* **Data to use**
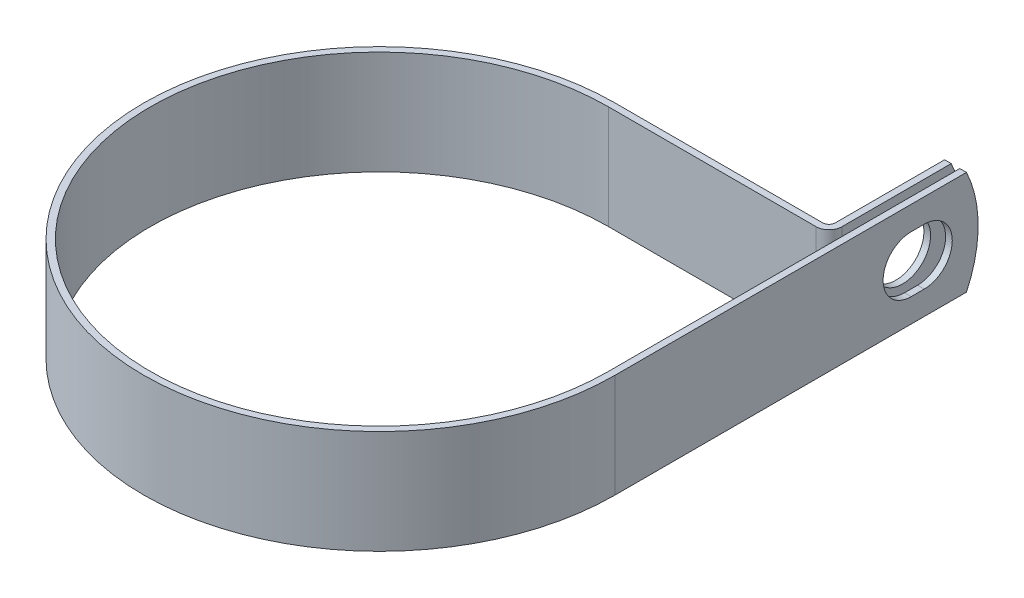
ISO-10303-21;
HEADER;
FILE_DESCRIPTION(('STEP AP214'),'2;1');
FILE_NAME('part.step','',(''),(''),'','','');
FILE_SCHEMA(('AUTOMOTIVE_DESIGN { 1 0 10303 214 1 1 1 1 }'));
ENDSEC;
DATA;
#1=APPLICATION_CONTEXT('core data for automotive mechanical design processes');
#2=APPLICATION_PROTOCOL_DEFINITION('international standard','automotive_design',2000,#1);
#3=PRODUCT_CONTEXT('',#1,'mechanical');
#4=PRODUCT('Part','Part','',(#3));
#5=PRODUCT_RELATED_PRODUCT_CATEGORY('part','',(#4));
#6=PRODUCT_DEFINITION_FORMATION('','',#4);
#7=PRODUCT_DEFINITION_CONTEXT('part definition',#1,'design');
#8=PRODUCT_DEFINITION('design','',#6,#7);
#9=PRODUCT_DEFINITION_SHAPE('','',#8);
#10=(LENGTH_UNIT() NAMED_UNIT(*) SI_UNIT(.MILLI.,.METRE.));
#11=(NAMED_UNIT(*) PLANE_ANGLE_UNIT() SI_UNIT($,.RADIAN.));
#12=(NAMED_UNIT(*) SI_UNIT($,.STERADIAN.) SOLID_ANGLE_UNIT());
#13=UNCERTAINTY_MEASURE_WITH_UNIT(LENGTH_MEASURE(1.E-05),#10,'distance_accuracy_value','');
#14=(GEOMETRIC_REPRESENTATION_CONTEXT(3) GLOBAL_UNCERTAINTY_ASSIGNED_CONTEXT((#13)) GLOBAL_UNIT_ASSIGNED_CONTEXT((#10,
#11,#12)) REPRESENTATION_CONTEXT('',''));
#15=CARTESIAN_POINT('',(0.,0.,0.));
#16=DIRECTION('',(0.,0.,1.));
#17=DIRECTION('',(1.,0.,0.));
#18=AXIS2_PLACEMENT_3D('',#15,#16,#17);
#19=CARTESIAN_POINT('',(42.0624,9.525,0.));
#20=DIRECTION('',(-1.,0.,0.));
#21=DIRECTION('',(0.,0.,1.));
#22=AXIS2_PLACEMENT_3D('',#19,#20,#21);
#23=PLANE('',#22);
#24=DIRECTION('',(0.,0.,-1.));
#25=VECTOR('',#24,1.);
#26=CARTESIAN_POINT('',(42.0624,-5.1562,-54.3559999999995));
#27=LINE('',#26,#25);
#28=CARTESIAN_POINT('',(42.0624,-5.1562,-54.3559999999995));
#29=VERTEX_POINT('',#28);
#30=CARTESIAN_POINT('',(42.0624,-5.1562,-56.7436000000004));
#31=VERTEX_POINT('',#30);
#32=EDGE_CURVE('E236',#29,#31,#27,.T.);
#33=ORIENTED_EDGE('',*,*,#32,.T.);
#34=CARTESIAN_POINT('',(42.0624,0.,-56.7435999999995));
#35=DIRECTION('',(-1.,0.,0.));
#36=DIRECTION('',(0.,0.,1.));
#37=AXIS2_PLACEMENT_3D('',#34,#35,#36);
#38=CIRCLE('',#37,5.1562);
#39=CARTESIAN_POINT('',(42.0624,5.1562,-56.7436000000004));
#40=VERTEX_POINT('',#39);
#41=EDGE_CURVE('E257',#31,#40,#38,.F.);
#42=ORIENTED_EDGE('',*,*,#41,.T.);
#43=DIRECTION('',(0.,0.,1.));
#44=VECTOR('',#43,1.);
#45=CARTESIAN_POINT('',(42.0624,5.1562,-54.3559999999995));
#46=LINE('',#45,#44);
#47=CARTESIAN_POINT('',(42.0624,5.1562,-54.3559999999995));
#48=VERTEX_POINT('',#47);
#49=EDGE_CURVE('E253',#40,#48,#46,.T.);
#50=ORIENTED_EDGE('',*,*,#49,.T.);
#51=CARTESIAN_POINT('',(42.0624,0.,-54.3559999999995));
#52=DIRECTION('',(-1.,0.,0.));
#53=DIRECTION('',(0.,0.,1.));
#54=AXIS2_PLACEMENT_3D('',#51,#52,#53);
#55=CIRCLE('',#54,5.1562);
#56=EDGE_CURVE('E248',#48,#29,#55,.F.);
#57=ORIENTED_EDGE('',*,*,#56,.T.);
#58=EDGE_LOOP('',(#33,#42,#50,#57));
#59=FACE_BOUND('',#58,.T.);
#60=CARTESIAN_POINT('',(42.0624,0.,-44.4246));
#61=DIRECTION('',(-1.,0.,0.));
#62=DIRECTION('',(0.,0.,1.));
#63=AXIS2_PLACEMENT_3D('',#60,#61,#62);
#64=CIRCLE('',#63,22.225);
#65=CARTESIAN_POINT('',(42.0624,9.525,-64.5050631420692));
#66=VERTEX_POINT('',#65);
#67=CARTESIAN_POINT('',(42.0624,-9.525,-64.5050631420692));
#68=VERTEX_POINT('',#67);
#69=EDGE_CURVE('E75',#66,#68,#64,.T.);
#70=ORIENTED_EDGE('',*,*,#69,.T.);
#71=DIRECTION('',(0.,0.,-1.));
#72=VECTOR('',#71,1.);
#73=CARTESIAN_POINT('',(42.0624,-9.525,0.));
#74=LINE('',#73,#72);
#75=CARTESIAN_POINT('',(42.0624,-9.525,0.));
#76=VERTEX_POINT('',#75);
#77=EDGE_CURVE('E271',#76,#68,#74,.T.);
#78=ORIENTED_EDGE('',*,*,#77,.F.);
#79=DIRECTION('',(0.,-1.,0.));
#80=VECTOR('',#79,1.);
#81=CARTESIAN_POINT('',(42.0624,9.525,0.));
#82=LINE('',#81,#80);
#83=CARTESIAN_POINT('',(42.0624,9.525,0.));
#84=VERTEX_POINT('',#83);
#85=EDGE_CURVE('E218',#84,#76,#82,.T.);
#86=ORIENTED_EDGE('',*,*,#85,.F.);
#87=DIRECTION('',(0.,0.,-1.));
#88=VECTOR('',#87,1.);
#89=CARTESIAN_POINT('',(42.0624,9.525,-42.0624));
#90=LINE('',#89,#88);
#91=EDGE_CURVE('E273',#84,#66,#90,.T.);
#92=ORIENTED_EDGE('',*,*,#91,.T.);
#93=EDGE_LOOP('',(#70,#78,#86,#92));
#94=FACE_BOUND('',#93,.T.);
#95=ADVANCED_FACE('F54',(#59,#94),#23,.T.);
#96=CARTESIAN_POINT('',(40.4876,9.525,-66.6496));
#97=DIRECTION('',(1.,0.,0.));
#98=DIRECTION('',(0.,0.,-1.));
#99=AXIS2_PLACEMENT_3D('',#96,#97,#98);
#100=PLANE('',#99);
#101=CARTESIAN_POINT('',(40.4876,0.,-55.5498));
#102=DIRECTION('',(1.,0.,0.));
#103=DIRECTION('',(0.,0.,-1.));
#104=AXIS2_PLACEMENT_3D('',#101,#102,#103);
#105=CIRCLE('',#104,5.1562);
#106=CARTESIAN_POINT('',(40.4876,0.,-60.706));
#107=VERTEX_POINT('',#106);
#108=EDGE_CURVE('E268',#107,#107,#105,.F.);
#109=ORIENTED_EDGE('',*,*,#108,.T.);
#110=EDGE_LOOP('',(#109));
#111=FACE_BOUND('',#110,.T.);
#112=DIRECTION('',(0.,0.,1.));
#113=VECTOR('',#112,1.);
#114=CARTESIAN_POINT('',(40.4876,-9.525,-66.6496));
#115=LINE('',#114,#113);
#116=CARTESIAN_POINT('',(40.4876,-9.525,-64.5050631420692));
#117=VERTEX_POINT('',#116);
#118=CARTESIAN_POINT('',(40.4876,-9.525,-44.43984));
#119=VERTEX_POINT('',#118);
#120=EDGE_CURVE('E184',#117,#119,#115,.T.);
#121=ORIENTED_EDGE('',*,*,#120,.F.);
#122=CARTESIAN_POINT('',(40.4876,0.,-44.4246));
#123=DIRECTION('',(1.,0.,0.));
#124=DIRECTION('',(0.,0.,-1.));
#125=AXIS2_PLACEMENT_3D('',#122,#123,#124);
#126=CIRCLE('',#125,22.225);
#127=CARTESIAN_POINT('',(40.4876,9.525,-64.5050631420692));
#128=VERTEX_POINT('',#127);
#129=EDGE_CURVE('E176',#117,#128,#126,.T.);
#130=ORIENTED_EDGE('',*,*,#129,.T.);
#131=DIRECTION('',(0.,0.,1.));
#132=VECTOR('',#131,1.);
#133=CARTESIAN_POINT('',(40.4876,9.525,-66.6496));
#134=LINE('',#133,#132);
#135=CARTESIAN_POINT('',(40.4876,9.525,-44.43984));
#136=VERTEX_POINT('',#135);
#137=EDGE_CURVE('E224',#128,#136,#134,.T.);
#138=ORIENTED_EDGE('',*,*,#137,.T.);
#139=DIRECTION('',(0.,-1.,0.));
#140=VECTOR('',#139,1.);
#141=CARTESIAN_POINT('',(40.4876,9.525,-44.43984));
#142=LINE('',#141,#140);
#143=EDGE_CURVE('E211',#136,#119,#142,.T.);
#144=ORIENTED_EDGE('',*,*,#143,.T.);
#145=EDGE_LOOP('',(#121,#130,#138,#144));
#146=FACE_BOUND('',#145,.T.);
#147=ADVANCED_FACE('F226',(#111,#146),#100,.T.);
#148=CARTESIAN_POINT('',(39.2684,9.525,-66.6496));
#149=DIRECTION('',(1.,0.,0.));
#150=DIRECTION('',(0.,0.,-1.));
#151=AXIS2_PLACEMENT_3D('',#148,#149,#150);
#152=PLANE('',#151);
#153=CARTESIAN_POINT('',(39.2684,0.,-55.5498));
#154=DIRECTION('',(-1.,0.,0.));
#155=DIRECTION('',(0.,0.,1.));
#156=AXIS2_PLACEMENT_3D('',#153,#154,#155);
#157=CIRCLE('',#156,5.1562);
#158=CARTESIAN_POINT('',(39.2684,0.,-50.3936));
#159=VERTEX_POINT('',#158);
#160=EDGE_CURVE('E265',#159,#159,#157,.T.);
#161=ORIENTED_EDGE('',*,*,#160,.F.);
#162=EDGE_LOOP('',(#161));
#163=FACE_BOUND('',#162,.T.);
#164=CARTESIAN_POINT('',(39.2684,0.,-44.4246));
#165=DIRECTION('',(-1.,0.,0.));
#166=DIRECTION('',(0.,0.,1.));
#167=AXIS2_PLACEMENT_3D('',#164,#165,#166);
#168=CIRCLE('',#167,22.225);
#169=CARTESIAN_POINT('',(39.2684,9.525,-64.5050631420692));
#170=VERTEX_POINT('',#169);
#171=CARTESIAN_POINT('',(39.2684,-9.525,-64.5050631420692));
#172=VERTEX_POINT('',#171);
#173=EDGE_CURVE('E67',#170,#172,#168,.T.);
#174=ORIENTED_EDGE('',*,*,#173,.T.);
#175=DIRECTION('',(0.,0.,1.));
#176=VECTOR('',#175,1.);
#177=CARTESIAN_POINT('',(39.2684,-9.525,-66.6496));
#178=LINE('',#177,#176);
#179=CARTESIAN_POINT('',(39.2684,-9.525,-44.43984));
#180=VERTEX_POINT('',#179);
#181=EDGE_CURVE('E167',#172,#180,#178,.T.);
#182=ORIENTED_EDGE('',*,*,#181,.T.);
#183=DIRECTION('',(0.,-1.,0.));
#184=VECTOR('',#183,1.);
#185=CARTESIAN_POINT('',(39.2684,9.525,-44.43984));
#186=LINE('',#185,#184);
#187=CARTESIAN_POINT('',(39.2684,9.525,-44.43984));
#188=VERTEX_POINT('',#187);
#189=EDGE_CURVE('E209',#188,#180,#186,.T.);
#190=ORIENTED_EDGE('',*,*,#189,.F.);
#191=DIRECTION('',(0.,0.,1.));
#192=VECTOR('',#191,1.);
#193=CARTESIAN_POINT('',(39.2684,9.525,-66.6496));
#194=LINE('',#193,#192);
#195=EDGE_CURVE('E169',#170,#188,#194,.T.);
#196=ORIENTED_EDGE('',*,*,#195,.F.);
#197=EDGE_LOOP('',(#174,#182,#190,#196));
#198=FACE_BOUND('',#197,.T.);
#199=ADVANCED_FACE('F164',(#163,#198),#152,.F.);
#200=CARTESIAN_POINT('',(43.2816,9.525,0.));
#201=DIRECTION('',(-1.,0.,0.));
#202=DIRECTION('',(0.,0.,1.));
#203=AXIS2_PLACEMENT_3D('',#200,#201,#202);
#204=PLANE('',#203);
#205=CARTESIAN_POINT('',(43.2816,0.,-56.7435999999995));
#206=DIRECTION('',(1.,0.,0.));
#207=DIRECTION('',(0.,0.,-1.));
#208=AXIS2_PLACEMENT_3D('',#205,#206,#207);
#209=CIRCLE('',#208,5.1562);
#210=CARTESIAN_POINT('',(43.2816,-5.1562,-56.7436000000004));
#211=VERTEX_POINT('',#210);
#212=CARTESIAN_POINT('',(43.2816,5.1562,-56.7436000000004));
#213=VERTEX_POINT('',#212);
#214=EDGE_CURVE('E237',#211,#213,#209,.T.);
#215=ORIENTED_EDGE('',*,*,#214,.F.);
#216=DIRECTION('',(0.,0.,-1.));
#217=VECTOR('',#216,1.);
#218=CARTESIAN_POINT('',(43.2816,-5.1562,-54.3559999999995));
#219=LINE('',#218,#217);
#220=CARTESIAN_POINT('',(43.2816,-5.1562,-54.3559999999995));
#221=VERTEX_POINT('',#220);
#222=EDGE_CURVE('E240',#221,#211,#219,.T.);
#223=ORIENTED_EDGE('',*,*,#222,.F.);
#224=CARTESIAN_POINT('',(43.2816,0.,-54.3559999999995));
#225=DIRECTION('',(1.,0.,0.));
#226=DIRECTION('',(0.,0.,-1.));
#227=AXIS2_PLACEMENT_3D('',#224,#225,#226);
#228=CIRCLE('',#227,5.1562);
#229=CARTESIAN_POINT('',(43.2816,5.1562,-54.3559999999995));
#230=VERTEX_POINT('',#229);
#231=EDGE_CURVE('E230',#230,#221,#228,.T.);
#232=ORIENTED_EDGE('',*,*,#231,.F.);
#233=DIRECTION('',(0.,0.,1.));
#234=VECTOR('',#233,1.);
#235=CARTESIAN_POINT('',(43.2816,5.1562,-54.3559999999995));
#236=LINE('',#235,#234);
#237=EDGE_CURVE('E234',#213,#230,#236,.T.);
#238=ORIENTED_EDGE('',*,*,#237,.F.);
#239=EDGE_LOOP('',(#215,#223,#232,#238));
#240=FACE_BOUND('',#239,.T.);
#241=DIRECTION('',(0.,0.,-1.));
#242=VECTOR('',#241,1.);
#243=CARTESIAN_POINT('',(43.2816,-9.525,0.));
#244=LINE('',#243,#242);
#245=CARTESIAN_POINT('',(43.2816,-9.525,0.));
#246=VERTEX_POINT('',#245);
#247=CARTESIAN_POINT('',(43.2816,-9.525,-64.5050631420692));
#248=VERTEX_POINT('',#247);
#249=EDGE_CURVE('E195',#246,#248,#244,.T.);
#250=ORIENTED_EDGE('',*,*,#249,.T.);
#251=CARTESIAN_POINT('',(43.2816,0.,-44.4246));
#252=DIRECTION('',(-1.,0.,0.));
#253=DIRECTION('',(0.,0.,1.));
#254=AXIS2_PLACEMENT_3D('',#251,#252,#253);
#255=CIRCLE('',#254,22.225);
#256=CARTESIAN_POINT('',(43.2816,9.525,-64.5050631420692));
#257=VERTEX_POINT('',#256);
#258=EDGE_CURVE('E170',#257,#248,#255,.T.);
#259=ORIENTED_EDGE('',*,*,#258,.F.);
#260=DIRECTION('',(0.,0.,-1.));
#261=VECTOR('',#260,1.);
#262=CARTESIAN_POINT('',(43.2816,9.525,-42.0624));
#263=LINE('',#262,#261);
#264=CARTESIAN_POINT('',(43.2816,9.525,0.));
#265=VERTEX_POINT('',#264);
#266=EDGE_CURVE('E198',#265,#257,#263,.T.);
#267=ORIENTED_EDGE('',*,*,#266,.F.);
#268=DIRECTION('',(0.,-1.,0.));
#269=VECTOR('',#268,1.);
#270=CARTESIAN_POINT('',(43.2816,9.525,0.));
#271=LINE('',#270,#269);
#272=EDGE_CURVE('E199',#265,#246,#271,.T.);
#273=ORIENTED_EDGE('',*,*,#272,.T.);
#274=EDGE_LOOP('',(#250,#259,#267,#273));
#275=FACE_BOUND('',#274,.T.);
#276=ADVANCED_FACE('F321',(#240,#275),#204,.F.);
#277=CARTESIAN_POINT('',(0.,-9.525,0.));
#278=DIRECTION('',(0.,1.,0.));
#279=DIRECTION('',(1.,0.,0.));
#280=AXIS2_PLACEMENT_3D('',#277,#278,#279);
#281=PLANE('',#280);
#282=DIRECTION('',(-1.,0.,0.));
#283=VECTOR('',#282,1.);
#284=CARTESIAN_POINT('',(43.2816,-9.525,-64.5050631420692));
#285=LINE('',#284,#283);
#286=EDGE_CURVE('E171',#248,#68,#285,.T.);
#287=ORIENTED_EDGE('',*,*,#286,.F.);
#288=ORIENTED_EDGE('',*,*,#249,.F.);
#289=CARTESIAN_POINT('',(0.,-9.525,0.));
#290=DIRECTION('',(0.,1.,0.));
#291=DIRECTION('',(1.,0.,0.));
#292=AXIS2_PLACEMENT_3D('',#289,#290,#291);
#293=CIRCLE('',#292,43.2816);
#294=CARTESIAN_POINT('',(0.,-9.525,-43.2816));
#295=VERTEX_POINT('',#294);
#296=EDGE_CURVE('E193',#295,#246,#293,.T.);
#297=ORIENTED_EDGE('',*,*,#296,.F.);
#298=DIRECTION('',(1.,0.,0.));
#299=VECTOR('',#298,1.);
#300=CARTESIAN_POINT('',(0.,-9.525,-43.2816));
#301=LINE('',#300,#299);
#302=CARTESIAN_POINT('',(38.11016,-9.525,-43.2816));
#303=VERTEX_POINT('',#302);
#304=EDGE_CURVE('E186',#303,#295,#301,.F.);
#305=ORIENTED_EDGE('',*,*,#304,.F.);
#306=CARTESIAN_POINT('',(38.11016,-9.525,-44.43984));
#307=DIRECTION('',(0.,1.,0.));
#308=DIRECTION('',(1.,0.,0.));
#309=AXIS2_PLACEMENT_3D('',#306,#307,#308);
#310=CIRCLE('',#309,1.15824);
#311=EDGE_CURVE('E183',#180,#303,#310,.F.);
#312=ORIENTED_EDGE('',*,*,#311,.F.);
#313=ORIENTED_EDGE('',*,*,#181,.F.);
#314=DIRECTION('',(-1.,0.,0.));
#315=VECTOR('',#314,1.);
#316=CARTESIAN_POINT('',(43.2816,-9.525,-64.5050631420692));
#317=LINE('',#316,#315);
#318=EDGE_CURVE('E12',#117,#172,#317,.T.);
#319=ORIENTED_EDGE('',*,*,#318,.F.);
#320=ORIENTED_EDGE('',*,*,#120,.T.);
#321=CARTESIAN_POINT('',(38.11016,-9.525,-44.43984));
#322=DIRECTION('',(0.,-1.,0.));
#323=DIRECTION('',(0.,0.,1.));
#324=AXIS2_PLACEMENT_3D('',#321,#322,#323);
#325=CIRCLE('',#324,2.37744);
#326=CARTESIAN_POINT('',(38.11016,-9.525,-42.0624));
#327=VERTEX_POINT('',#326);
#328=EDGE_CURVE('E188',#119,#327,#325,.T.);
#329=ORIENTED_EDGE('',*,*,#328,.T.);
#330=DIRECTION('',(-1.,0.,0.));
#331=VECTOR('',#330,1.);
#332=CARTESIAN_POINT('',(0.,-9.525,-42.0624));
#333=LINE('',#332,#331);
#334=CARTESIAN_POINT('',(0.,-9.525,-42.0624));
#335=VERTEX_POINT('',#334);
#336=EDGE_CURVE('E298',#327,#335,#333,.T.);
#337=ORIENTED_EDGE('',*,*,#336,.T.);
#338=CARTESIAN_POINT('',(0.,-9.525,0.));
#339=DIRECTION('',(0.,1.,0.));
#340=DIRECTION('',(0.,0.,1.));
#341=AXIS2_PLACEMENT_3D('',#338,#339,#340);
#342=CIRCLE('',#341,42.0624);
#343=EDGE_CURVE('E295',#335,#76,#342,.T.);
#344=ORIENTED_EDGE('',*,*,#343,.T.);
#345=ORIENTED_EDGE('',*,*,#77,.T.);
#346=EDGE_LOOP('',(#287,#288,#297,#305,#312,#313,#319,#320,#329,#337,#344,#345));
#347=FACE_BOUND('',#346,.T.);
#348=ADVANCED_FACE('F181',(#347),#281,.F.);
#349=CARTESIAN_POINT('',(0.,9.525,0.));
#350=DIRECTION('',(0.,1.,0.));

* **Task statement**
Reproduce exactly, and with no other material, the lines between those holding "#191=DIRECTION('',(0.,0.,1.));" and "#228=CIRCLE('',#227,5.1562);", inclusive.

* **Answer box**
#191=DIRECTION('',(0.,0.,1.));
#192=VECTOR('',#191,1.);
#193=CARTESIAN_POINT('',(39.2684,9.525,-66.6496));
#194=LINE('',#193,#192);
#195=EDGE_CURVE('E169',#170,#188,#194,.T.);
#196=ORIENTED_EDGE('',*,*,#195,.F.);
#197=EDGE_LOOP('',(#174,#182,#190,#196));
#198=FACE_BOUND('',#197,.T.);
#199=ADVANCED_FACE('F164',(#163,#198),#152,.F.);
#200=CARTESIAN_POINT('',(43.2816,9.525,0.));
#201=DIRECTION('',(-1.,0.,0.));
#202=DIRECTION('',(0.,0.,1.));
#203=AXIS2_PLACEMENT_3D('',#200,#201,#202);
#204=PLANE('',#203);
#205=CARTESIAN_POINT('',(43.2816,0.,-56.7435999999995));
#206=DIRECTION('',(1.,0.,0.));
#207=DIRECTION('',(0.,0.,-1.));
#208=AXIS2_PLACEMENT_3D('',#205,#206,#207);
#209=CIRCLE('',#208,5.1562);
#210=CARTESIAN_POINT('',(43.2816,-5.1562,-56.7436000000004));
#211=VERTEX_POINT('',#210);
#212=CARTESIAN_POINT('',(43.2816,5.1562,-56.7436000000004));
#213=VERTEX_POINT('',#212);
#214=EDGE_CURVE('E237',#211,#213,#209,.T.);
#215=ORIENTED_EDGE('',*,*,#214,.F.);
#216=DIRECTION('',(0.,0.,-1.));
#217=VECTOR('',#216,1.);
#218=CARTESIAN_POINT('',(43.2816,-5.1562,-54.3559999999995));
#219=LINE('',#218,#217);
#220=CARTESIAN_POINT('',(43.2816,-5.1562,-54.3559999999995));
#221=VERTEX_POINT('',#220);
#222=EDGE_CURVE('E240',#221,#211,#219,.T.);
#223=ORIENTED_EDGE('',*,*,#222,.F.);
#224=CARTESIAN_POINT('',(43.2816,0.,-54.3559999999995));
#225=DIRECTION('',(1.,0.,0.));
#226=DIRECTION('',(0.,0.,-1.));
#227=AXIS2_PLACEMENT_3D('',#224,#225,#226);
#228=CIRCLE('',#227,5.1562);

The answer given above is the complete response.